While staying with Moses Wright, Curtis Jones' grandfather (a preacher), Emmett Till and his cousin drove Wright's '41 Ford into Money to buy candy at Bryant's Grocery and Meat Market. Emmett made friends with some local boys his age hanging around the store and showed them a picture of a white girl, claiming that the girl in the picture was his "sweetheart."
One of the local boys then dared Emmett Till to speak to the white woman (Carolyn Bryant) in the store. According to Curtis Jones, Emmett went back inside the store and bought more candy, saying "Bye, baby" to the white woman as he left. Curtis Jones, Emmett Till and the other boys jumped in their car as Carolyn Bryant came out the swinging screen doors and sped out of town.
News of the incident quickly spread among the local black youth and Emmett and Curtis were warned to leave town before the woman's husband found out.

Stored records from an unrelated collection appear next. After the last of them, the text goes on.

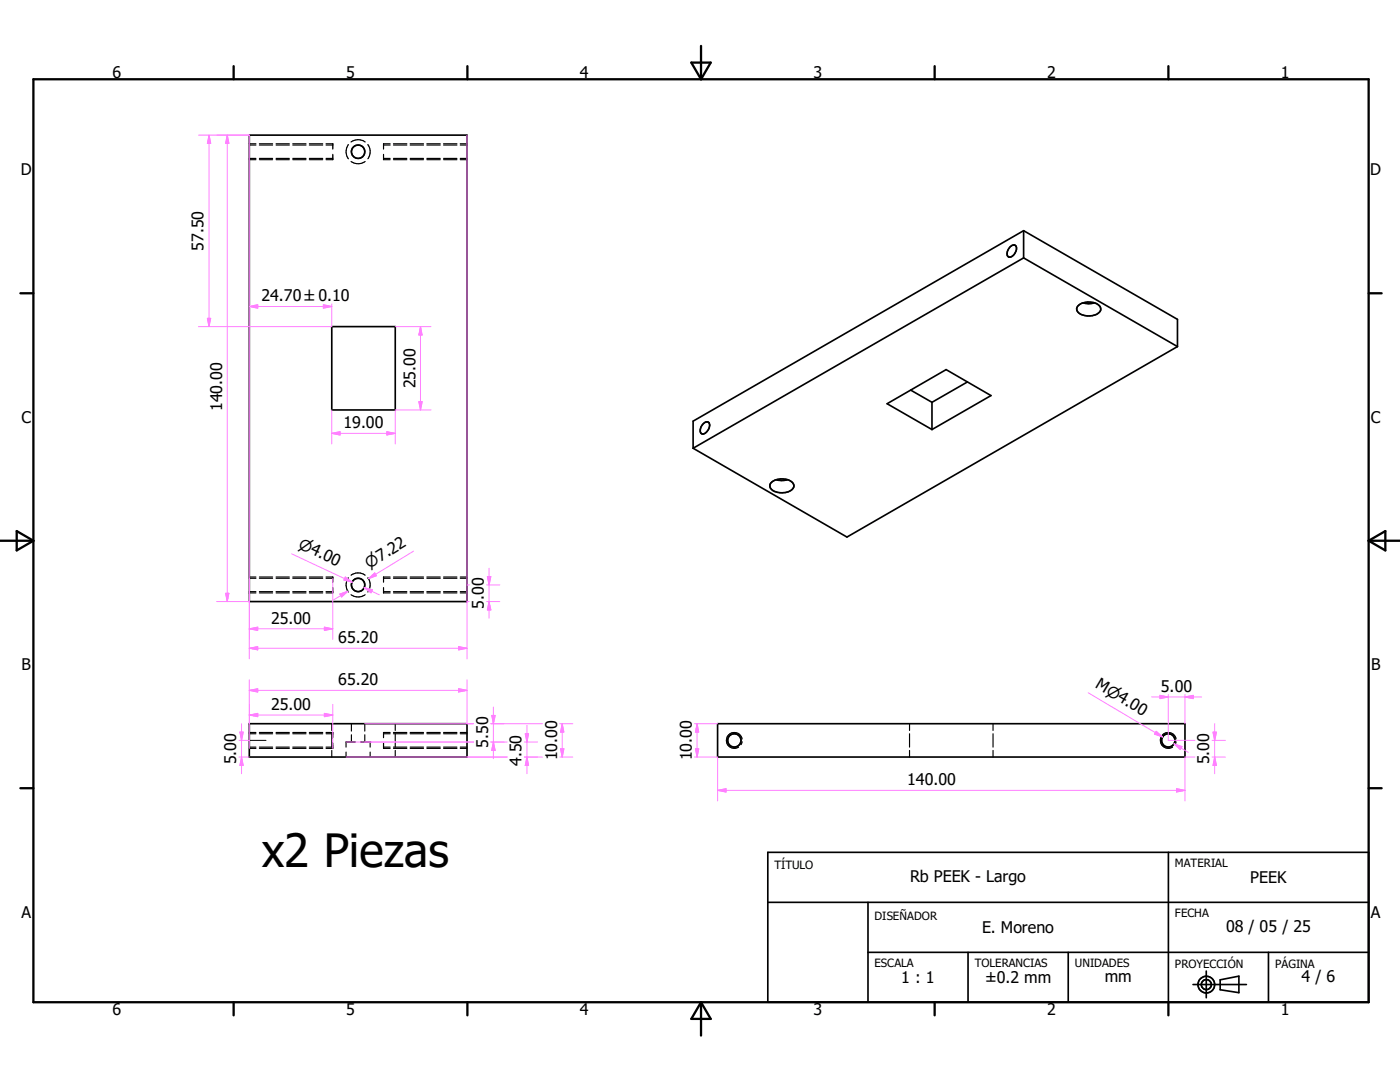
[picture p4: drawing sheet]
<svg xmlns="http://www.w3.org/2000/svg" width="279mm" height="216mm" viewBox="0 0 279 216" stroke-linecap="round" stroke-linejoin="round" font-family="sans-serif">
<g fill="none" stroke="#000" stroke-width=".23">
<path d="M49.8 28.9h1.3M49.8 31.6h1.3M49.8 28.7h1.3M49.8 31.9h1.3M51.8 28.9h2.6M51.8 31.6h2.6M51.8 28.7h2.6M51.8 31.9h2.6M55.1 28.9h2.6M55.1 31.6h2.6M55.1 28.7h2.6M55.1 31.9h2.6"/>
<path d="M58.4 28.9h2.7M58.4 31.6h2.7M58.4 28.7h2.7M58.4 31.9h2.7M61.7 28.9h2.7M61.7 31.6h2.7M61.7 28.7h2.7M61.7 31.9h2.7M65.1 28.7h1.3v1.1M65.1 28.9h1.3M65.1 31.6h1.3M66.4 30.8v1.1h-1.3"/>
<path d="M69.5 28.9a2.35 2.35 0 0 0 0 2.8M69.5 28.9h.1M70.1 32.2a2.41 2.41 0 0 0 2.8 0M70.1 28.3a2.39 2.39 0 0 1 2.8 0M73.4 28.9a2.35 2.35 0 0 1 0 2.8M76.5 30.8v1.1h1.4M76.5 28.9h1.4M76.5 31.6h1.4M77.9 28.7h-1.4v1.1M78.5 28.9h2.7M78.5 31.6h2.7M78.5 28.7h2.7"/>
<path d="M78.5 31.9h2.7M81.9 28.9h2.6M81.9 31.6h2.6M81.9 28.7h2.6M81.9 31.9h2.6M85.2 28.9h2.7M85.2 31.6h2.7M85.2 28.7h2.7M85.2 31.9h2.7M88.5 28.9h2.7M88.5 31.6h2.7M88.5 28.7h2.7"/>
<path d="M88.5 31.9h2.7M91.9 28.9h1.3M91.9 31.6h1.3M91.9 28.7h1.3M91.9 31.9h1.3M49.8 115.4h1.3M49.8 118.1h1.3M49.8 115.1h1.3M49.8 118.3h1.3M51.8 115.4h2.6M51.8 118.1h2.6M51.8 115.1h2.6"/>
<path d="M51.8 118.3h2.6M55.1 115.4h2.6M55.1 118.1h2.6M55.1 115.1h2.6M55.1 118.3h2.6M58.4 115.4h2.7M58.4 118.1h2.7M58.4 115.1h2.7M58.4 118.3h2.7M61.7 115.4h2.7M61.7 118.1h2.7M61.7 115.1h2.7"/>
<path d="M61.7 118.3h2.7M65.1 115.1h1.3v1.1M65.1 115.4h1.3M65.1 118.1h1.3M66.4 117.2v1.1h-1.3M69.5 115.3a2.41 2.41 0 0 0 0 2.8M70.1 118.7a2.41 2.41 0 0 0 2.8 0M70.1 114.8a2.4 2.4 0 0 1 2.8 0M73.4 115.3a2.35 2.35 0 0 1 0 2.8M76.5 117.2v1.1h1.4M76.5 115.4h1.4M76.5 118.1h1.4"/>
<path d="M77.9 115.1h-1.4v1.1M78.5 115.4h2.7M78.5 118.1h2.7M78.5 115.1h2.7M78.5 118.3h2.7M81.9 115.4h2.6M81.9 118.1h2.6M81.9 115.1h2.6M81.9 118.3h2.6M85.2 115.4h2.7M85.2 118.1h2.7M85.2 115.1h2.7"/>
<path d="M85.2 118.3h2.7M88.5 115.4h2.7M88.5 118.1h2.7M88.5 115.1h2.7M88.5 118.3h2.7M91.9 115.4h1.3M91.9 118.1h1.3M91.9 115.1h1.3M91.9 118.3h1.3M49.8 146.4h1.3M49.8 149.1h1.3M49.8 146.2h1.3"/>
<path d="M49.8 149.3h1.3M51.8 146.4h2.6M51.8 149.1h2.6M51.8 146.2h2.6M51.8 149.3h2.6M55.1 146.4h2.6M55.1 149.1h2.6M55.1 146.2h2.6M55.1 149.3h2.6M58.4 146.4h2.7M58.4 149.1h2.7M58.4 146.2h2.7"/>
<path d="M58.4 149.3h2.7M61.7 146.4h2.7M61.7 149.1h2.7M61.7 146.2h2.7M61.7 149.3h2.7M65.1 146.4h1.3M65.1 149.1h1.3M65.1 146.2h1.3v1M66.2 144.4v1.4M66.2 146.4v2.7M66.2 149.7v1.4M66.4 148.3v1h-1.3"/>
<path d="M69.1 150.1v1M70.1 144.4v1.5M70.1 146.6v1.5M71 148.1h-1.9v1M72 148.1h1.9M72.8 144.4v1.5M72.8 146.6v1.5M73.9 148.1h.1M73.9 148.1v1M73.9 150.1v1M76.5 146.4h1.4M76.5 149.1h1.4"/>
<path d="M76.5 148.3v1h1.4M77.9 146.2h-1.4v1M78.5 146.4h2.7M78.5 149.1h2.7M78.5 146.2h2.7M78.5 149.3h2.7M78.9 144.4v1.4M78.9 146.4v2.7M78.9 149.7v1.4M81.9 146.4h2.6M81.9 149.1h2.6M81.9 146.2h2.6"/>
<path d="M81.9 149.3h2.6M85.2 146.4h2.7M85.2 149.1h2.7M85.2 146.2h2.7M85.2 149.3h2.7M88.5 146.4h2.7M88.5 149.1h2.7M88.5 146.2h2.7M88.5 149.3h2.7M91.9 146.4h1.3M91.9 149.1h1.3M91.9 146.2h1.3"/>
<path d="M91.9 149.3h1.3M148.1 147.5a1.59 1.59 0 0 0-2-1.3 1.59 1.59 0 0 0-1 2.2 1.59 1.59 0 0 0 2.3 .7M148.1 148l-.2 .6M181.5 144.4v1.4M181.5 146.4v2.7M181.5 149.7v1.4M198.2 144.4v1.4M198.2 146.4v2.7M198.2 149.7v1.4M234.7 147.5a1.58 1.58 0 0 0-2-1.3 1.58 1.58 0 0 0-1 2.2 1.58 1.58 0 0 0 2.3 .7M234.7 148l-.2 .6"/>
</g>
<g fill="none" stroke="#000" stroke-width=".33">
<path d="M49.8 27h43.4v93h-43.4zM201.6 49.3a.71 .71 0 0 1 1-.3 .71 .71 0 0 1 .2 1 1.38 1.38 0 0 1-1.6 1.2 1.52 1.52 0 0 1 .4-1.9zM204.3 46l-66 38v5.4M204.3 51.5l-66 37.9M204.3 46v5.5M204.3 46l30.7 17.7v5.5M204.3 51.5l30.7 17.7M66.2 65.2h12.7v16.6h-12.7zM181.7 77.8l4.3 2.5M193.1 76.2l-7.1 4.1M215.2 60.9a3.3 3.3 0 0 1 4.4 .4 1.3 1.3 0 0 1-1.3 1.6 2.99 2.99 0 0 1-3.4-1v-.5zM216.1 60.4a3.7 3.7 0 0 0 2.3 0"/>
<path d="M235 69.2l-66 38-30.7-17.8M140.4 84.5a.7 .7 0 0 1 .9-.3 .7 .7 0 0 1 .3 1.1 1.39 1.39 0 0 1-1.6 1.2 1.61 1.61 0 0 1 .4-2zM153.8 96.4a3.2 3.2 0 0 1 4.5 .2 1.3 1.3 0 0 1-1.3 1.6 2.66 2.66 0 0 1-3.4-1.1zM154.9 95.7l1.1 .2 1.2-.2M177 80.6l11.8-6.8 9 5.1-11.8 6.8zM186 80.3v5.4M49.8 144.4h43.4v6.7h-43.4zM143.2 144.4h93.3v6.7h-93.3zM153.2 170.1h119.9v29.9h-119.9zM233.2 170.1v29.9M153.2 180.1h119.9M173.2 190h99.9"/>
<path d="M173.2 180.1v19.9M193.2 190v10M213.2 190v10M238.1 196.5h10.6M240.7 193.8v5.3M243.5 195.5l3.7-.7v3.3l-3.7-.6zM253.1 190v10"/>
<circle cx="71.5" cy="30.3" r="1.33"/>
<circle cx="71.5" cy="116.7" r="1.33"/>
<circle cx="146.6" cy="147.7" r="1.33"/>
<circle cx="233.1" cy="147.7" r="1.33"/>
<circle cx="240.7" cy="196.5" r="1.66"/>
<circle cx="240.8" cy="196.5" r=".99"/>
</g>
<g fill="none" stroke="#000" stroke-width=".46">
<path d="M6.7 15.8h266.4v184.2h-266.4zM46.6 13.2v2.6M93.3 13.2v2.6M138 12.5h3.8l-1.9 3.3zM139.9 9.2v6.6M186.5 13.2v2.6M233.2 13.2v2.6M4.1 58.5h2.6M273.1 58.5h2.6M0 107.9h6.7M3.3 106l3.4 1.9-3.4 1.9zM273.1 107.9h6.3"/>
<path d="M273.1 107.9l3.4-1.9v3.8zM4.1 157.3h2.6M273.1 157.3h2.6M46.6 200v2.6M93.3 200v2.6M139.9 200v6.6M139.9 200l1.9 3.3h-3.8zM186.5 200v2.6M233.2 200v2.6"/>
</g>
<path d="M93.2 116.7v3.3M49.8 147.7h3.3" fill="none" stroke="#000" stroke-width=".2"/>
<g fill="none" stroke="#ff80ff" stroke-width=".2">
<path d="M39.6 27h10.2v104.5M41.7 27l.3 1.6h-.6zM41.7 27v38.2M45.4 27v93M45.4 27l.3 1.6h-.7zM93.2 27v104.5M41.4 63.5h.6l-.3 1.7zM49.8 61.2l1.6-.4v.7zM49.8 61.2h16.4M64.5 60.8l1.7 .4-1.7 .3zM66.2 60.7v4.5h-26.6M78.9 65.2h7.1"/>
<path d="M83.9 65.2v16.6M83.9 65.2l.3 1.6h-.6zM66.2 86.5h12.7M66.2 86.5l1.7-.4v.7zM66.2 81.8v6.8M77.2 86.1l1.7 .4-1.7 .3zM83.6 80.2h.6l-.3 1.6zM86 81.8h-7.1v6.8M45 118.4h.7l-.3 1.6zM58.2 110.5l12.1 5.7M66.4 115.4v12.2M67.8 118.5l1.6-.5-1.2 1.1z"/>
<path d="M68.8 115.4l1.5 .8M68.9 115.1l1.4 1.1-1.7-.5zM69.4 118l-2.8 1.7M72.7 117.3l3 1.4M72.7 117.3l1.6 .4-.3 .6zM73.5 115.5l1.3-1.2 .3 .6zM74.9 114.6l-1.4 .9M82.5 110l-9 5.5M93.2 116.7h.5M97.1 116.7h2.6M97.3 115.1h.7l-.4 1.6zM97.6 113.4v10"/>
<path d="M43.2 120h6.6M49.8 129.4h43.4M49.8 129.4l1.6-.4v.7zM49.8 125.5l1.6-.4v.7zM49.8 137.8l1.6-.4v.7zM49.8 135.6v13.7M49.8 137.8h43.4M49.8 125.5h16.6M64.7 125.1l1.7 .4-1.7 .3zM91.5 129l1.7 .4-1.7 .3zM91.5 137.4l1.7 .4-1.7 .3zM93.2 135.6v8.8"/>
<path d="M93.2 120h.5M97.1 120h2.6M97.6 120l.4 1.7h-.7zM217.2 138.2l14.8 8.8M229.8 139.1h10M231.5 138.7l1.7 .4-1.7 .3zM233.2 138.6v9.1h5.3M236.5 139.1l1.6-.4v.7zM236.5 138.6v5.8M47.7 151.1h2.1M47.7 147.7h2.1M47.9 146.1h.6l-.3 1.6z"/>
<path d="M48.2 151.1l.3 1.6h-.6zM48.2 144.4v10M49.8 142.7l1.6-.3v.6zM49.8 142.7h16.6M64.7 142.4l1.7 .3-1.7 .3zM66.4 140.5v8.8M69.1 148.1h25.4M69.1 151.1h32.1M72.8 144.4h21.7M98 144.4h10.3M98 148.1h3.2M98.1 142.8h.7l-.3 1.6z"/>
<path d="M98.5 141.1v10.3M98.5 148.1l.3 1.6h-.7zM104.6 148.1h2.7M104.6 151.1h3.7M104.8 146.4h.7l-.3 1.7zM105.2 144.7v9.7M105.2 151.1l.3 1.6h-.7zM111.7 144.4h2.6M111.7 151.1h2.6M111.9 149.4h.6l-.3 1.7zM112.2 144.4l.3 1.7h-.6zM112.2 144.4v6.7"/>
<path d="M138.6 144.4h4.6M138.6 151.1h4.6v8.7M138.8 149.4h.6l-.3 1.7zM139.1 144.4l.3 1.7h-.6zM139.1 144.4v6.7M143.2 157.7h93.3M143.2 157.7l1.7-.3v.6zM230.6 146.2l1.4 .8M230.7 145.9l1.3 1.1-1.6-.5zM234.3 148.4l2.8 1.7M234.3 148.4l1.6 .6-.4 .6zM234.8 157.4l1.7 .3-1.7 .3z"/>
<path d="M238.5 151.1h-2v8.7M241.9 151.1h2.7M241.9 147.7h2.7M242.1 146.1h.7l-.4 1.6zM242.4 151.1l.4 1.6h-.7zM242.4 144.4v10"/>
</g>
<g fill="#ff80ff" stroke="#ff80ff" stroke-width=".2">
<path d="M49.8 129.4l1.6-.4v.7z"/>
<path d="M91.5 129l1.7 .4-1.7 .3z"/>
<path d="M45 118.4h.7l-.3 1.6z"/>
<path d="M45.4 27l.3 1.6h-.7z"/>
<path d="M49.8 142.7l1.6-.3v.6z"/>
<path d="M64.7 142.4l1.7 .3-1.7 .3z"/>
<path d="M91.5 137.4l1.7 .4-1.7 .3z"/>
<path d="M49.8 137.8l1.6-.4v.7z"/>
<path d="M98.5 148.1l.3 1.6h-.7z"/>
<path d="M98.1 142.8h.7l-.3 1.6z"/>
<path d="M105.2 151.1l.3 1.6h-.7z"/>
<path d="M104.8 146.4h.7l-.3 1.7z"/>
<path d="M47.9 146.1h.6l-.3 1.6z"/>
<path d="M48.2 151.1l.3 1.6h-.6z"/>
<path d="M230.7 145.9l1.3 1.1-1.6-.5z"/>
<path d="M234.3 148.4l1.6 .6-.4 .6z"/>
<path d="M236.5 139.1l1.6-.4v.7z"/>
<path d="M231.5 138.7l1.7 .4-1.7 .3z"/>
<path d="M242.4 151.1l.4 1.6h-.7z"/>
<path d="M242.1 146.1h.7l-.4 1.6z"/>
<path d="M112.2 144.4l.3 1.7h-.6z"/>
<path d="M111.9 149.4h.6l-.3 1.7z"/>
<path d="M139.1 144.4l.3 1.7h-.6z"/>
<path d="M138.8 149.4h.6l-.3 1.7z"/>
<path d="M143.2 157.7l1.7-.3v.6z"/>
<path d="M234.8 157.4l1.7 .3-1.7 .3z"/>
<path d="M49.8 125.5l1.6-.4v.7z"/>
<path d="M64.7 125.1l1.7 .4-1.7 .3z"/>
<path d="M73.5 115.5l1.3-1.2 .3 .6z"/>
<path d="M67.8 118.5l1.6-.5-1.2 1.1z"/>
<path d="M68.9 115.1l1.4 1.1-1.7-.5z"/>
<path d="M72.7 117.3l1.6 .4-.3 .6z"/>
<path d="M97.6 120l.4 1.7h-.7z"/>
<path d="M97.3 115.1h.7l-.4 1.6z"/>
<path d="M83.9 65.2l.3 1.6h-.6z"/>
<path d="M83.6 80.2h.6l-.3 1.6z"/>
<path d="M77.2 86.1l1.7 .4-1.7 .3z"/>
<path d="M66.2 86.5l1.7-.4v.7z"/>
<path d="M64.5 60.8l1.7 .4-1.7 .3z"/>
<path d="M49.8 61.2l1.6-.4v.7z"/>
<path d="M41.4 63.5h.6l-.3 1.7z"/>
<path d="M41.7 27l.3 1.6h-.6z"/>
</g>
<text font-size="9.1" x="52.2" y="173">x2 Piezas</text>
<g font-size="3.2">
<text x="22.5" y="15.6">6</text>
<text x="69.1" y="15.6">5</text>
<text x="115.7" y="15.6">4</text>
<text x="162.3" y="15.6">3</text>
<text x="209" y="15.6">2</text>
<text x="255.6" y="15.6">1</text>
<text x="4.1" y="35">D</text>
<text x="273.5" y="35">D</text>
<text x="40.6" y="50.1" transform="rotate(-90 40.6 50.1)">57.50</text>
<text x="52.2" y="60.1">24.70 `0.10</text>
<text x="82.9" y="77.5" transform="rotate(-90 82.9 77.5)">25.00</text>
<text x="44.3" y="82" transform="rotate(-90 44.3 82)">140.00</text>
<text x="4.3" y="84.4">C</text>
<text x="68.6" y="85.4">19.00</text>
<text x="273.6" y="84.4">C</text>
<text x="54.1" y="124.4">25.00</text>
<text x="96.6" y="121.5" transform="rotate(-90 96.6 121.5)">5.00</text>
<text x="67.5" y="128.3">65.20</text>
<text x="4.3" y="133.7">B</text>
<text x="67.5" y="136.7">65.20</text>
<text x="218.4" y="137.1" transform="rotate(31 218.4 137.1)">Mn4.00</text>
<text x="273.6" y="133.7">B</text>
<text x="54.1" y="141.6">25.00</text>
<text x="231.7" y="138">5.00</text>
<text x="97.4" y="149.2" transform="rotate(-90 97.4 149.2)">5.50</text>
<text x="47.2" y="152.5" transform="rotate(-90 47.2 152.5)">5.00</text>
<text x="104.1" y="152.8" transform="rotate(-90 104.1 152.8)">4.50</text>
<text x="111.2" y="151.7" transform="rotate(-90 111.2 151.7)">10.00</text>
<text x="138" y="151.7" transform="rotate(-90 138 151.7)">10.00</text>
<text x="241.3" y="152.5" transform="rotate(-90 241.3 152.5)">5.00</text>
<text x="181" y="156.6">140.00</text>
<text x="181.6" y="175.9">Rb PEEK - Largo</text>
<text x="249.5" y="176.2">PEEK</text>
<text x="4.3" y="183.1">A</text>
<text x="273.6" y="183.1">A</text>
<text x="196" y="186.1">E. Moreno</text>
<text x="244.7" y="186">08 / 05 / 25</text>
<text x="179.9" y="196.1">1 : 1</text>
<text x="196.6" y="196.1">±0.2 mm</text>
<text x="220.5" y="195.9">mm</text>
<text x="259.8" y="196">4 / 6</text>
<text x="22.5" y="202.6">6</text>
<text x="69.1" y="202.6">5</text>
<text x="115.7" y="202.6">4</text>
<text x="162.3" y="202.6">3</text>
<text x="209" y="202.6">2</text>
<text x="255.6" y="202.6">1</text>
</g>
<g font-size="3">
<text x="59.4" y="109.3" transform="rotate(25 59.4 109.3)">n4.00</text>
<text x="73.7" y="113.5" transform="rotate(-31 73.7 113.5)">n7.22</text>
</g>
<g font-size="2.3">
<text x="154.6" y="173.4">TÍTULO</text>
<text x="234.5" y="173.1">MATERIAL</text>
<text x="174.5" y="183.6">DISEÑADOR</text>
<text x="234.5" y="183">FECHA</text>
<text x="174.5" y="193">ESCALA</text>
<text x="194.5" y="193">TOLERANCIAS</text>
<text x="214.5" y="193">UNIDADES</text>
<text x="234.5" y="193.1">PROYECCIÓN</text>
<text x="254.5" y="193.1">PÁGINA</text>
</g>
</svg>

But a week passed without the threatened retribution.
Then, in the "wee hours of the morning" of August 28, 1955, Mose Wright was awakened by a knock on his door. Upon opening, two white men (later identified as J. W. Milam and his half-brother Roy Bryant) asked him for the "nigger here from Chicago", the boy "that did all the talking." Emmett Till then was abducted at gunpoint. Mrs. Wright, trying to come up for his defense, was struck in the head with the side of a shotgun.
Four days later, Emmett's mutilated body, with a seventy-five-pound cotton gin fan tied around his neck with barbed wire, was found at the bottom of the Tallahatchie river.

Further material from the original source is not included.